Speeding up machine vision
There is some way to go to reach the sight capabilities of the best science-fiction machines, but HYMOD - CSIRO's hybrid modular processor system - is making it easier, better and cheaper for machines to 'see', as well as providing solutions for many other high-speed, real-time, data-processing applications.
The HYMOD system has jumped ahead of its international competition by connecting different computer modules with very high-speed networks that replace the conventional 'computer bus' by developing software methods to program configurable logic processors (CLP), instead of programming these devices using factory-set hardware configurations.
The particular CLP used in the HYMOD system is a field programmable gate array (FPGA), which can contain millions of logic gates (ie, switches).

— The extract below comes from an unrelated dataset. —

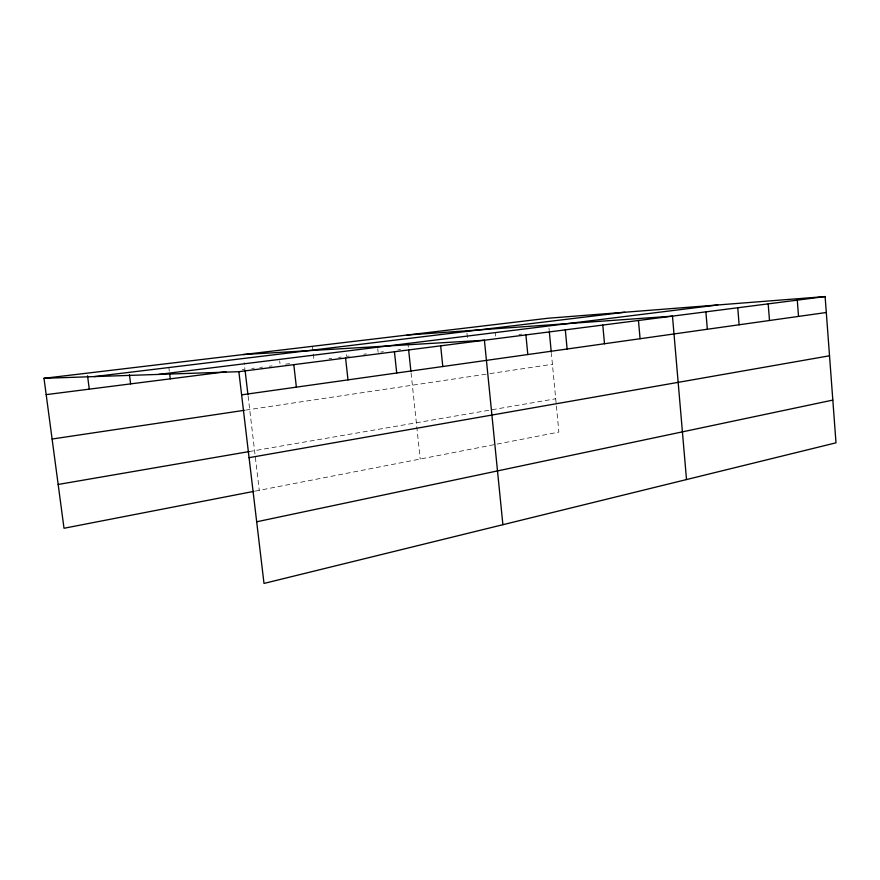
<?xml version="1.0" encoding="UTF-8"?>
<svg xmlns="http://www.w3.org/2000/svg" width="880" height="880" viewBox="0 0 880 880"><rect width="100%" height="100%" fill="white"/><g stroke="black" fill="none" stroke-linecap="round" stroke-linejoin="round"><path stroke-width="0.66" stroke-dasharray="4.4 3.3" d="M255.266 491.095L558.877 432.091L551.397 353.496M249.205 451.561L555.709 398.772M245.663 410.113L488.653 373.802M489.984 373.604L552.42 364.276M242.242 369.688L244.948 369.336L244.156 362.626M251.724 368.478L254.43 368.137M259.842 367.444L262.559 367.103M269.324 366.234L272.03 365.893M285.582 364.166L289.641 363.649M328.999 358.644L331.727 358.292M338.525 357.434L341.242 357.082M349.305 356.059L346.687 356.389L346.269 352.583M363.726 354.222L366.355 353.892M380.787 352.055L383.427 351.714M397.936 349.866L400.576 349.536M518.914 334.466L521.631 334.125M168.839 367.323L169.312 371.162M248.116 396.121L259.259 490.325M279.697 360.91L280.005 363.539M312.433 346.313L313.17 352.781M313.313 354.079L314.039 360.547M377.74 348.645L378.147 352.385M407.924 343.134L408.353 347.171M411.081 372.977L420.2 459.041M466.972 333.168L467.632 339.68M495.341 332.288L495.726 336.127M548.988 328.141L549.219 330.616"/><path stroke-width="1.32" d="M256.685 521.785L832.821 400.092M253.924 491.359L64.009 528.264L44 378.301L548.042 318.241L825.121 296.571L836 442.816L264 583.429L238.865 371.69L44 378.301M249.073 457.677L829.521 355.784M58.168 484.462L249.205 451.561M52.107 439.032L244.31 410.311M241.615 394.856L826.309 312.499M46.178 394.636L225.973 371.756M238.865 371.69L825.121 296.571M158.741 374.407L717.695 304.975M94.237 376.596L624.8 312.235M407.066 335.038L672.474 316.14L686.51 479.567M243.21 354.563L484.418 340.23L502.887 524.7M87.549 375.826L89.287 389.147M129.459 374.748L130.614 383.889M169.631 373.725L170.269 378.84M245.113 370.678L247.962 394.779M293.799 364.65L296.373 387.134M345.576 358.017L347.996 379.874M408.639 349.877L410.938 371.613M394.449 351.758L396.715 373.01M440.66 345.84L442.794 366.52M525.91 334.917L527.813 354.541M565.323 329.868L567.116 349.008M549.351 331.958L551.265 352.154M602.789 325.061L604.494 343.739M638.462 320.496L640.079 338.734M705.881 311.85L707.333 329.263M737.748 307.769L739.123 324.775M768.185 303.875L769.494 320.507M797.28 300.146L798.523 316.415"/></g></svg>

Each FPGA can be configured as an array of parallel processors that are 'hardware programmed' by setting switches in this massive array of logic gates. A conventional computer chip (a CPU - central processing unit) can now do this switch setting, such as a Pentium processor, linked to the FPGA.
This is a major advance on the procedure where a hardware engineer had to design the CLP configuration to suit each application - one CLP, one program and no program change after it leaves the factory.
Complex 'hardware programs' to suit particular image (or other) processing applications are set up in the FPGAs by software running on the CPU - a 'meta-level' program.
A HYMOD system can therefore be programmed in the field using conventional software programming and the configuration of the FPGA can even be varied in real-time in response to data received by the CPU. CSIRO has developed a special C-like language for programming the FPGAs in the HYMOD system.
The 'hybrid' tag is used because the HYMOD system blends both hardware and software programs to solve a task.
The basic HYMOD system has the CPU interfaced with one or more FPGAs. These are networked by very high-speed serial connections that enable information transfer at full on-board data rates between the various modules.
And the parallel operation enables data items to be processed simultaneously. For example, at 100 MHz, a 600,000 gate FPGA can run about 100 times faster than the fastest Pentium, which executes instructions one at a time.
HYMOD systems can use three different modules: a novel input/output module that interfaces with cameras, monitors, etc; FPGA parallel processors with multiple independent memories for very high speed processing; and high-speed computer chips for processing that cannot benefit from parallelism.
The input/output module has an FPGA coupled to a CPU and can use almost any type of interface to other devices, and the multiple memories can be accessed simultaneously, providing an unprecedented capacity for parallel data flow.
In each module, while the FPGA is running its hardware program, the CPU can be running a software program to control FPGA parameters and deal with the FPGA output.
The potential applications for this technology appear almost unlimited - from remote web devices for data acquisition, to machine and process control, to traffic applications such as advanced traffic sensing for intersection control, vehicle driver authentication, driver fatigue monitoring, navigation devices, data capture or even anti-collision devices.
The HYMOD platform is a generic design; daughter designs include an I/O board for interfacing to specialist equipment, a high-end processing board for substantial computing and a board for conventional signal processing.
HYMOD has enabled the development of cheap, flexible, real-time very high speed systems that can be readily configured by software programmers in the field for machine vision and other applications.
The CSIRO engineers who developed this system believe they have only scratched the surface of potential applications.